The more established an LLC company is, the less attractive a Profits Interest Unit becomes, relative to a Capital Interest Unit. That is because a Profits Interest value is only in the future appreciation of the value of the company, whereas a grant of Capital Interest is an immediate share of the value of the LLC as of the date that the interest is granted. In addition, the longer an employer can drag its feet and delay the award of a Profit Interest Unit, the less value it is to you. That’s why award date, strike price, and vesting schedule are all very important.

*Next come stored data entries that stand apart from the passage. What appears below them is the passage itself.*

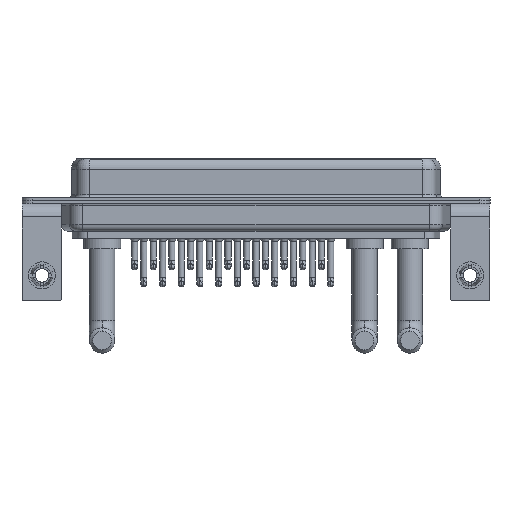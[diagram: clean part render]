
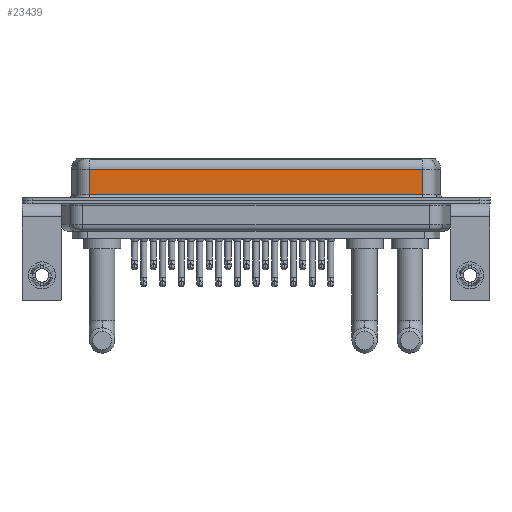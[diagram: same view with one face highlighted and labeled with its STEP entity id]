
A CAD part, front view. The second image highlights one B-rep face of the part: STEP entity #23439.
In plain terms, the highlighted planar face has unit normal (0, -1, 0).
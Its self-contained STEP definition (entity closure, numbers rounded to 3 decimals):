
#645 = CARTESIAN_POINT ( 'NONE',  ( 56.462, -3.95, 6.4 ) ) ;
#1438 = LINE ( 'NONE', #17591, #15000 ) ;
#1583 = VECTOR ( 'NONE', #4584, 1000. ) ;
#2840 = VERTEX_POINT ( 'NONE', #12078 ) ;
#2894 = FACE_OUTER_BOUND ( 'NONE', #13397, .T. ) ;
#3445 = ORIENTED_EDGE ( 'NONE', *, *, #24993, .T. ) ;
#4050 = CARTESIAN_POINT ( 'NONE',  ( 56.462, -3.95, 0.9 ) ) ;
#4584 = DIRECTION ( 'NONE',  ( 1., 0., 0. ) ) ;
#5391 = VERTEX_POINT ( 'NONE', #11203 ) ;
#8290 = LINE ( 'NONE', #4050, #1583 ) ;
#9557 = DIRECTION ( 'NONE',  ( 0., 0., -1. ) ) ;
#10105 = ORIENTED_EDGE ( 'NONE', *, *, #26038, .T. ) ;
#10261 = AXIS2_PLACEMENT_3D ( 'NONE', #645, #12834, #20906 ) ;
#11203 = CARTESIAN_POINT ( 'NONE',  ( 7.038, -3.95, 0.9 ) ) ;
#11678 = CARTESIAN_POINT ( 'NONE',  ( 56.462, -3.95, 6.4 ) ) ;
#12078 = CARTESIAN_POINT ( 'NONE',  ( 7.038, -3.95, 4.65 ) ) ;
#12708 = PLANE ( 'NONE',  #10261 ) ;
#12834 = DIRECTION ( 'NONE',  ( 0., 1., 0. ) ) ;
#12884 = VECTOR ( 'NONE', #9557, 1000. ) ;
#13397 = EDGE_LOOP ( 'NONE', ( #21342, #3445, #10105, #18316 ) ) ;
#13909 = VERTEX_POINT ( 'NONE', #24599 ) ;
#14481 = EDGE_CURVE ( 'NONE', #5391, #23238, #8290, .T. ) ;
#15000 = VECTOR ( 'NONE', #25668, 1000. ) ;
#15559 = DIRECTION ( 'NONE',  ( -1., 0., 0. ) ) ;
#17591 = CARTESIAN_POINT ( 'NONE',  ( 7.038, -3.95, 6.4 ) ) ;
#18316 = ORIENTED_EDGE ( 'NONE', *, *, #14481, .T. ) ;
#19287 = CARTESIAN_POINT ( 'NONE',  ( 56.462, -3.95, 4.65 ) ) ;
#19484 = LINE ( 'NONE', #11678, #12884 ) ;
#19547 = LINE ( 'NONE', #19287, #22593 ) ;
#20906 = DIRECTION ( 'NONE',  ( 0., 0., 1. ) ) ;
#21342 = ORIENTED_EDGE ( 'NONE', *, *, #25437, .F. ) ;
#22593 = VECTOR ( 'NONE', #15559, 1000. ) ;
#23238 = VERTEX_POINT ( 'NONE', #23734 ) ;
#23439 = ADVANCED_FACE ( 'NONE', ( #2894 ), #12708, .F. ) ;
#23734 = CARTESIAN_POINT ( 'NONE',  ( 56.462, -3.95, 0.9 ) ) ;
#24599 = CARTESIAN_POINT ( 'NONE',  ( 56.462, -3.95, 4.65 ) ) ;
#24993 = EDGE_CURVE ( 'NONE', #13909, #2840, #19547, .T. ) ;
#25437 = EDGE_CURVE ( 'NONE', #13909, #23238, #19484, .T. ) ;
#25668 = DIRECTION ( 'NONE',  ( 0., 0., -1. ) ) ;
#26038 = EDGE_CURVE ( 'NONE', #2840, #5391, #1438, .T. ) ;

If Amazon were an LLC, would you rather be granted – today – a 1% profit interest? Or 1% equity? Amazon is infamously unprofitable, but also enormous. And if it were a profit interest, would you rather have that five years ago, or today? Five years ago obviously: even though Amazon is unprofitable, a PIU represents both profit and appreciation of company valuation, which for Amazon is like a 450% increase.

Also, keep in mind that an LLC can always allocate its gross profit in any given year so as to lower (or eliminate) net profit, disbursing the money in (almost) any way that it sees fit. The management team feels like paying all the profits out as bonuses this year? That comes at the expense of the PIU holders. A company car for the CEO? Sorry PIU holders. If you get a great PIU award and it’s fully vested today, but tomorrow the LLC is sold? Sorry, there hasn’t been any growth in the company value over that period, so your PIUs are worth zero.

Anyway, I hope this has been useful. If you disagree or think I am misinformed, I am open to discussions; find me on Twitter. I encourage everyone to educate themselves using multiple sources, and I don’t claim to be an authority on this subject. In fact, here’s a disclaimer.

Disclaimer

*This blog post and all associated comments and discussion do not constitute legal or tax advice in any respect. The author has prepared this material for informational purposes only, and it is not intended to provide, and should not be relied on for, tax, legal or accounting advice. The author is not a licensed practitioner in taxes, law, or accounting. No reader should act or refrain from acting on the basis of any information presented herein without seeking the advice of counsel in the relevant jurisdiction. The author(s) expressly disclaim all liability in respect of any actions taken or not taken based on any contents of this guide or associated content.